Поспешу добавить, что такая мафиозная интерпретация этого эпизода - отнюдь не единственная. Прославленный франко-иудейский толкователь одиннадцатого века Раши придерживался мнения, что эти юные бедняки просто пришли к местному богатею, подобно колядующим на Рождество, попросить у него милостыню для их трапезы на Рош а-Шана. Возможно, в этом что-то есть, но, на мой взгляд, это больше похоже на прелюдию к Йом Кипуру.
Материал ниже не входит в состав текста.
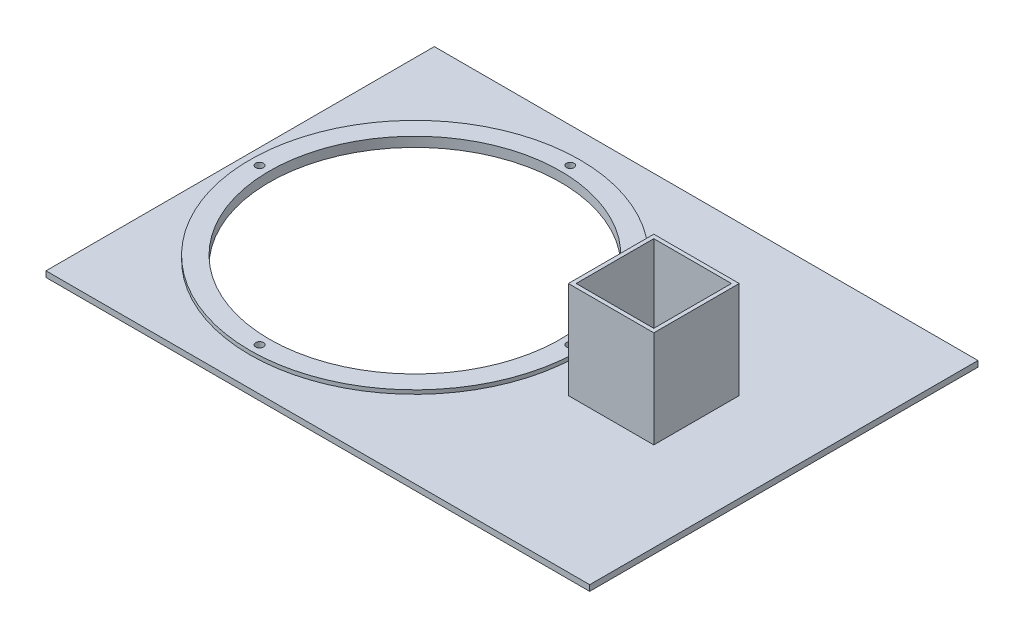
from build123d import *

# Parameters (mm, degrees)
SKETCH_1_W          = 280
SKETCH_1_H          = 200
SKETCH_1_R          = 85
EXTRUDE_1_DEPTH     = 3
SKETCH_1_4_R        = 85
SKETCH_1_4_R_2      = 2
SKETCH_1_4_R_3      = 75
EXTRUDE_3_DEPTH     = 5
SKETCH_2_W          = 44
SKETCH_2_H          = 44
SKETCH_2_W_2        = 40
SKETCH_2_H_2        = 40
EXTRUDE_4_DEPTH     = 50
SKETCH_3_R          = 1
CUT_EXTRUDE_1_DEPTH = 50


with BuildPart() as part:
    # 草图1 → 凸台-拉伸1 (new body)
    with BuildSketch(Plane(origin=(0, 0, 0), x_dir=(1, 0, 0), z_dir=(0, 1, 0))):
        Rectangle(SKETCH_1_W, SKETCH_1_H)
        with Locations((-50, 0)):
            Circle(SKETCH_1_R, mode=Mode.SUBTRACT)
    extrude(amount=EXTRUDE_1_DEPTH)

    # 草图1<4> → 凸台-拉伸3 (add)
    with BuildSketch(Plane(origin=(0, 0, 0), x_dir=(1, 0, 0), z_dir=(0, 1, 0))):
        with Locations((-50, 0)):
            Circle(SKETCH_1_4_R)
        with Locations((-50, -80)):
            Circle(SKETCH_1_4_R_2, mode=Mode.SUBTRACT)
        with Locations((-130, 0)):
            Circle(SKETCH_1_4_R_2, mode=Mode.SUBTRACT)
        with Locations((-50, 0)):
            Circle(SKETCH_1_4_R_3, mode=Mode.SUBTRACT)
        with Locations((-50, 80)):
            Circle(SKETCH_1_4_R_2, mode=Mode.SUBTRACT)
        with Locations((30, 0)):
            Circle(SKETCH_1_4_R_2, mode=Mode.SUBTRACT)
    extrude(amount=EXTRUDE_3_DEPTH)

    # 草图2 → 凸台-拉伸4 (add)
    with BuildSketch(Plane(origin=(0, 3, 0), x_dir=(1, 0, 0), z_dir=(0, 1, 0))):
        with Locations((72.175056864, 0.848639526)):
            Rectangle(SKETCH_2_W, SKETCH_2_H)
        with Locations((72.175056864, 0.848639526)):
            Rectangle(SKETCH_2_W_2, SKETCH_2_H_2, mode=Mode.SUBTRACT)
    extrude(amount=EXTRUDE_4_DEPTH)

    # 草图3 → 切除-拉伸1 (cut)
    with BuildSketch(Plane(origin=(0, 3, 0), x_dir=(1, 0, 0), z_dir=(0, 1, 0))):
        with Locations((72.175056864, 0.848639526)):
            Circle(SKETCH_3_R)
    extrude(amount=-CUT_EXTRUDE_1_DEPTH, mode=Mode.SUBTRACT)


solid = part.part
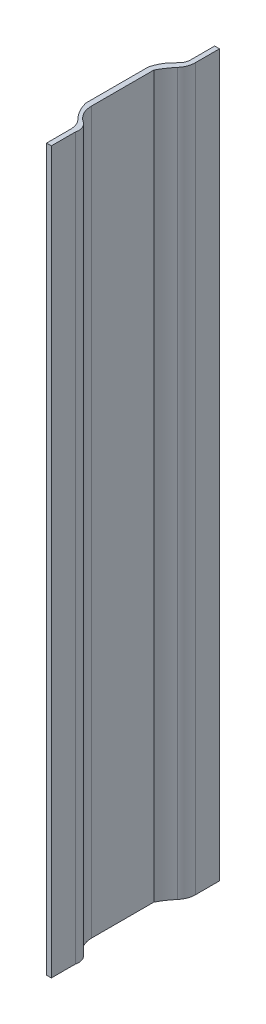
from build123d import *

# Parameters (mm, degrees)
BOSS_EXTRUDE1_DEPTH = 150


with BuildPart() as part:
    # Sketch1 → Boss-Extrude1 (new body)
    with BuildSketch(Plane(origin=(0, 0, 0), x_dir=(1, 0, 0), z_dir=(0, 1, 0))):
        with BuildLine():
            Line((0, 12.157107232), (0, 17.157107232))
            Line((0, 17.157107232), (-1, 17.157107232))
            Line((-1, 17.157107232), (-1, 12.157107232))
            ThreePointArc((-1, 12.157107232), (-1.217641333, 11.133405068), (-1.832917706, 10.286783042))
            ThreePointArc((-1.832917706, 10.286783042), (-3.259534938, 8.562798276), (-4.126843117, 6.5))
            Line((-4.126843117, 6.5), (-4.126843117, -6.5))
            ThreePointArc((-4.126843117, -6.5), (-3.369674027, -8.500338114), (-2.087108773, -10.211970075))
            ThreePointArc((-2.087108773, -10.211970075), (-1.282481997, -11.419555167), (-1, -12.842892768))
            Line((-1, -12.842892768), (-1, -17.842892768))
            Line((-1, -17.842892768), (0, -17.842892768))
            Line((0, -17.842892768), (0, -12.842892768))
            ThreePointArc((0, -12.842892768), (-0.074866398, -11.365840356), (-1, -10.211970075))
            ThreePointArc((-1, -10.211970075), (-2.468183444, -8.608241082), (-3, -6.5))
            Line((-3, -6.5), (-3, 6.5))
            ThreePointArc((-3, 6.5), (-2.087108773, 8.040701214), (-1, 9.463840399))
            ThreePointArc((-1, 9.463840399), (-0.258069079, 10.720645761), (0, 12.157107232))
        make_face()
    extrude(amount=BOSS_EXTRUDE1_DEPTH)


solid = part.part
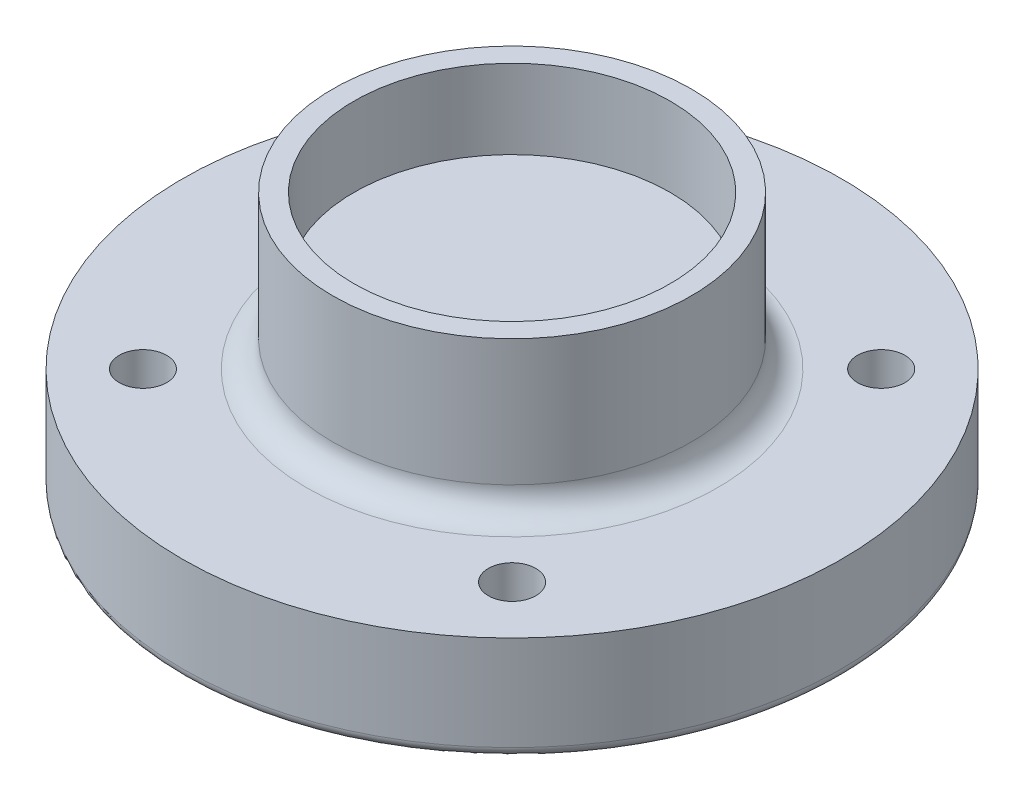
from build123d import *

# Parameters (mm, degrees)
SKETCH1_R                               = 62.5
BOSS_EXTRUDE1_DEPTH                     = 20
SKETCH2_R                               = 34
BOSS_EXTRUDE2_DEPTH                     = 29
SKETCH6_R                               = 30
CUT_EXTRUDE1_DEPTH                      = 15
FILLET1_R                               = 5
CBORE_FOR_M8_HEX_HEAD_BOLT1_D           = 9
CBORE_FOR_M8_HEX_HEAD_BOLT1_CBORE_D     = 18.011
CBORE_FOR_M8_HEX_HEAD_BOLT1_CBORE_DEPTH = 5.3
FILLET2_R                               = 2


with BuildPart() as part:
    # Sketch1 → Boss-Extrude1 (new body)
    with BuildSketch(Plane(origin=(0, 0, 0), x_dir=(1, 0, 0), z_dir=(0, 1, 0))):
        with Locations(Location((0, 0, 0), (0, 0, 270))):
            Circle(SKETCH1_R)
    extrude(amount=BOSS_EXTRUDE1_DEPTH)

    # Sketch2 → Boss-Extrude2 (add)
    with BuildSketch(Plane(origin=(0, 20, 0), x_dir=(1, 0, 0), z_dir=(0, 1, 0))):
        with Locations(Location((0, 0, 0), (0, 0, 90))):
            Circle(SKETCH2_R)
    extrude(amount=BOSS_EXTRUDE2_DEPTH)

    # Sketch6 → Cut-Extrude1 (cut)
    with BuildSketch(Plane(origin=(0, 49, 0), x_dir=(1, 0, 0), z_dir=(0, 1, 0))):
        with Locations(Location((0, 0, 0), (0, 0, 270))):
            Circle(SKETCH6_R)
    extrude(amount=-CUT_EXTRUDE1_DEPTH, mode=Mode.SUBTRACT)

    # Fillet1
    fillet1_edges = [part.edges().sort_by_distance(p)[0] for p in [
        (0, 20, 34),
    ]]
    fillet(fillet1_edges, radius=FILLET1_R)

    # CBORE for M8 Hex Head Bolt1 (through all)
    with Locations(Plane(origin=(-35, 0, 35), x_dir=(0, 0, -1), z_dir=(0, -1, 0))):
        with Locations((0, 0), (0, 70), (70, 70), (70, 0)):
            CounterBoreHole(CBORE_FOR_M8_HEX_HEAD_BOLT1_D / 2, CBORE_FOR_M8_HEX_HEAD_BOLT1_CBORE_D / 2, CBORE_FOR_M8_HEX_HEAD_BOLT1_CBORE_DEPTH)

    # Fillet2
    fillet2_edges = [part.edges().sort_by_distance(p)[0] for p in [
        (0, 0, -62.5),
    ]]
    fillet(fillet2_edges, radius=FILLET2_R)


solid = part.part
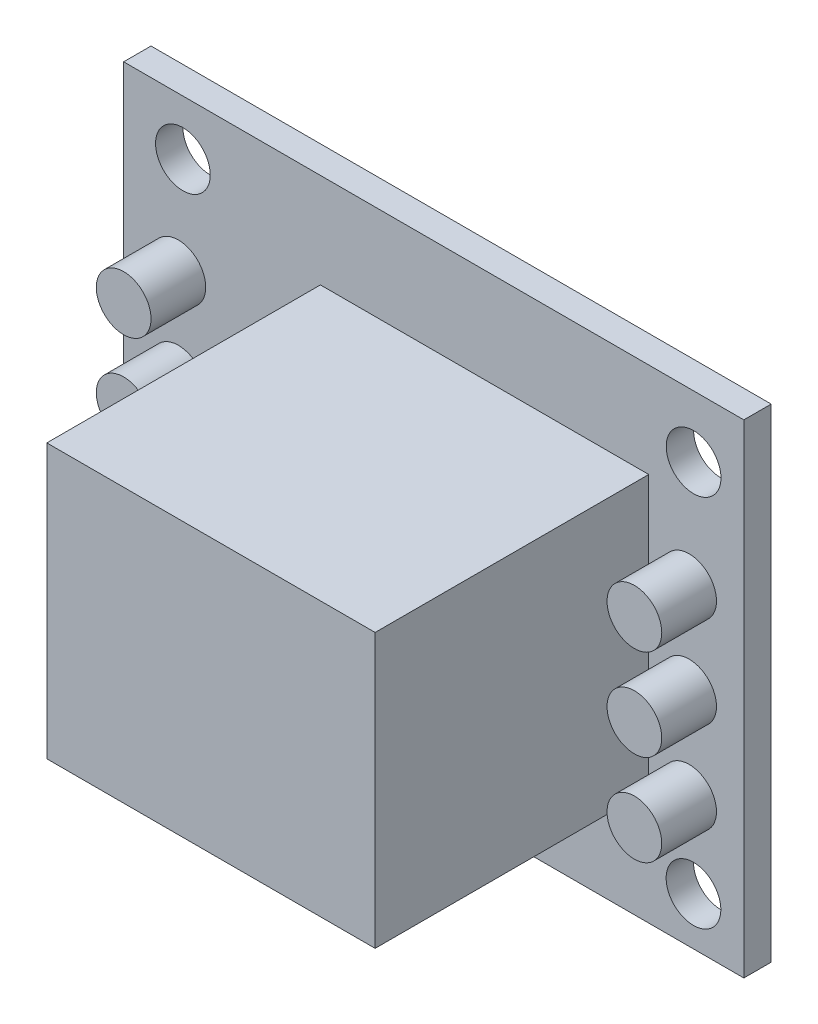
from build123d import *

# Parameters (mm, degrees)
SKETCH_1_W      = 34
SKETCH_1_H      = 26.5
SKETCH_1_R      = 1.5
EXTRUDE_1_DEPTH = 1.5
SKETCH_2_W      = 18
SKETCH_2_H      = 15
EXTRUDE_2_DEPTH = 15
SKETCH_3_R      = 1.5
EXTRUDE_3_DEPTH = 3


with BuildPart() as part:
    # 草圖1 → 填料-伸長1 (new body)
    with BuildSketch(Plane.XY):
        with Locations((2.280137649, 0.208767123)):
            Rectangle(SKETCH_1_W, SKETCH_1_H)
        with Locations((-11.47221535, 10.458766514)):
            Circle(SKETCH_1_R, mode=Mode.SUBTRACT)
        with Locations((-11.47721535, -10.041232877)):
            Circle(SKETCH_1_R, mode=Mode.SUBTRACT)
        with Locations((16.520137649, -10.426232877)):
            Circle(SKETCH_1_R, mode=Mode.SUBTRACT)
        with Locations((16.525137649, 10.073766514)):
            Circle(SKETCH_1_R, mode=Mode.SUBTRACT)
    extrude(amount=EXTRUDE_1_DEPTH)

    # 草圖2 → 填料-伸長2 (add)
    with BuildSketch(Plane.XY.offset(1.5)):
        with Locations((5.066714054, 0.758767123)):
            Rectangle(SKETCH_2_W, SKETCH_2_H)
    extrude(amount=EXTRUDE_2_DEPTH)

    # 草圖3 → 填料-伸長3 (add)
    with BuildSketch(Plane.XY.offset(1.5)):
        with Locations((-11.719862351, 5)):
            Circle(SKETCH_3_R)
        with Locations((-11.719862351, 0)):
            Circle(SKETCH_3_R)
        with Locations((-11.719862351, -5)):
            Circle(SKETCH_3_R)
        with Locations((16.280137649, 4.100671386)):
            Circle(SKETCH_3_R)
        with Locations((16.280137649, -0.899328614)):
            Circle(SKETCH_3_R)
        with Locations((16.280137649, -5.899328614)):
            Circle(SKETCH_3_R)
    extrude(amount=EXTRUDE_3_DEPTH)


solid = part.part
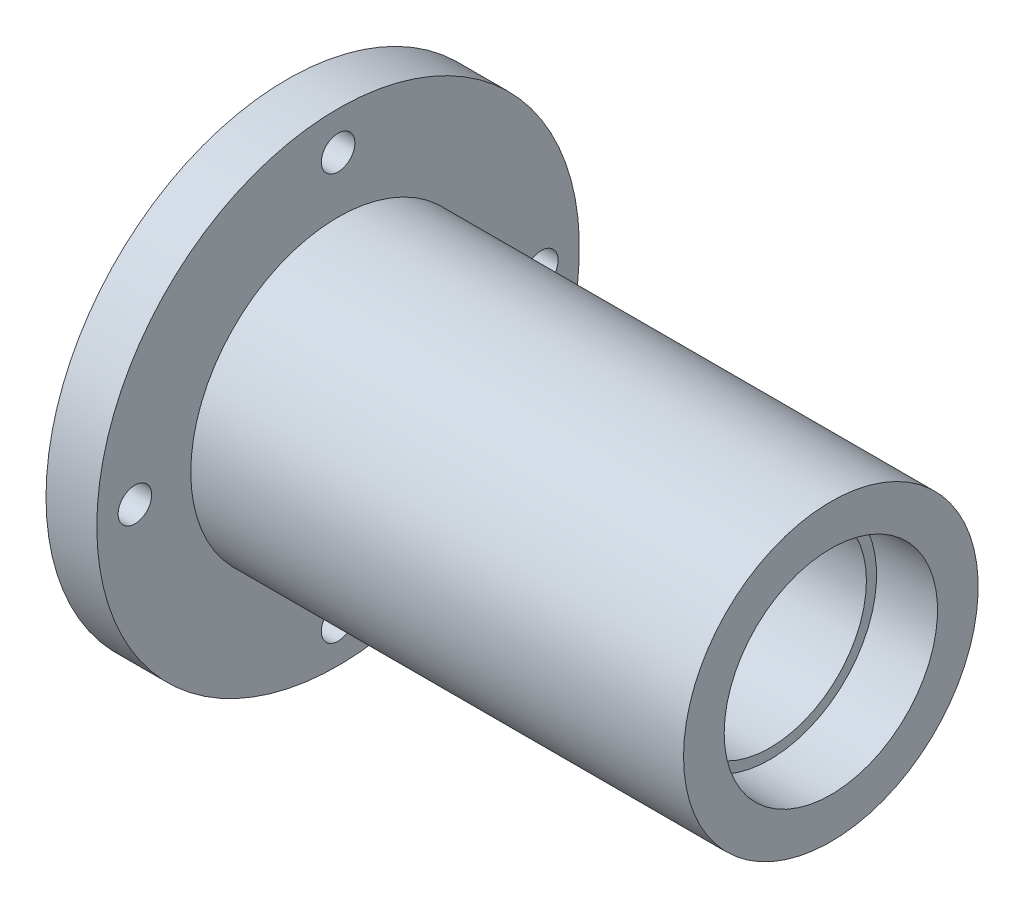
from build123d import *

# Parameters (mm, degrees)
PER_AGE1_D = 6.6


with BuildPart() as part:
    # Esquisse1 → Base-Révolution (revolve)
    with BuildSketch(Plane.XY, mode=Mode.PRIVATE) as base_r_volution_sk:
        Polygon((0, 22.5), (0, 30), (3, 30), (3, 47.5), (13, 47.5), (13, 29), (110, 29), (110, 21), (98, 21), (98, 19), (32, 19), (32, 21), (20, 21), (20, 22.5), align=None)
    revolve(base_r_volution_sk.sketch.rotate(Axis((-23.254623921, 0, 0), (1, 0, 0)), 90), axis=Axis((-23.254623921, 0, 0), (1, 0, 0)))

    # Perçage1 (through all)
    with Locations(Plane.ZY.offset(-3)):
        with Locations((0, 40), (40, 0), (-40, 0), (0, -40)):
            Hole(PER_AGE1_D / 2)


solid = part.part

Далее, хотя Раши, возможно, и один из величайших комментаторов Библии, но вот его познания в овцеводстве оставляют желать много лучшего: любой фермер, который стрижет своих овец осенью перед Рош а-Шана, не заслуживает ни малейшего сочувствия, если к Рождеству они все передохнут от воспаления легких.
Навал, видимо, остался глух к этой весточке. До него не дошло, что это было предложение, отказу не подлежащее. И потому он ответил, как дурак: "Кто такой Давид, и кто такой сын Иессеев? Ныне стало много рабов, бегающих от господ своих; неужели мне взять хлебы мои и воду мою, и мясо, приготовленное мною для стригущих овец у меня, и отдать людям, о которых не знаю, откуда они?" Изящным языком позднейших переводов Библии Навал послал людей Давида куда подальше. Это было тройное оскорбление. Он обозвал Давида беглым рабом; он оскорбил его род; но самое худшее: он сделал вид, будто никогда о нем не слышал, ни о нем, ни о его славных подвигах. Короче говоря, его слова прозвучали: "Давид? Какой еще Давид?"
Роковая ошибка Навала, разумеется, сводилась к тому, что он не оставил Давиду никакого выбора. Когда отроки вернулись и доложили, Давид мог поступить только так, как поступил. В конце-то концов он ведь был не какой-то там местный бандюга, а признанный инсургент. Более того, его ведь помазал на царство недавно скончавшийся первосвященник Израиля Самуил. Он бесспорно имел законное право претендовать на престол. И вот все это было поставлено под сомнение.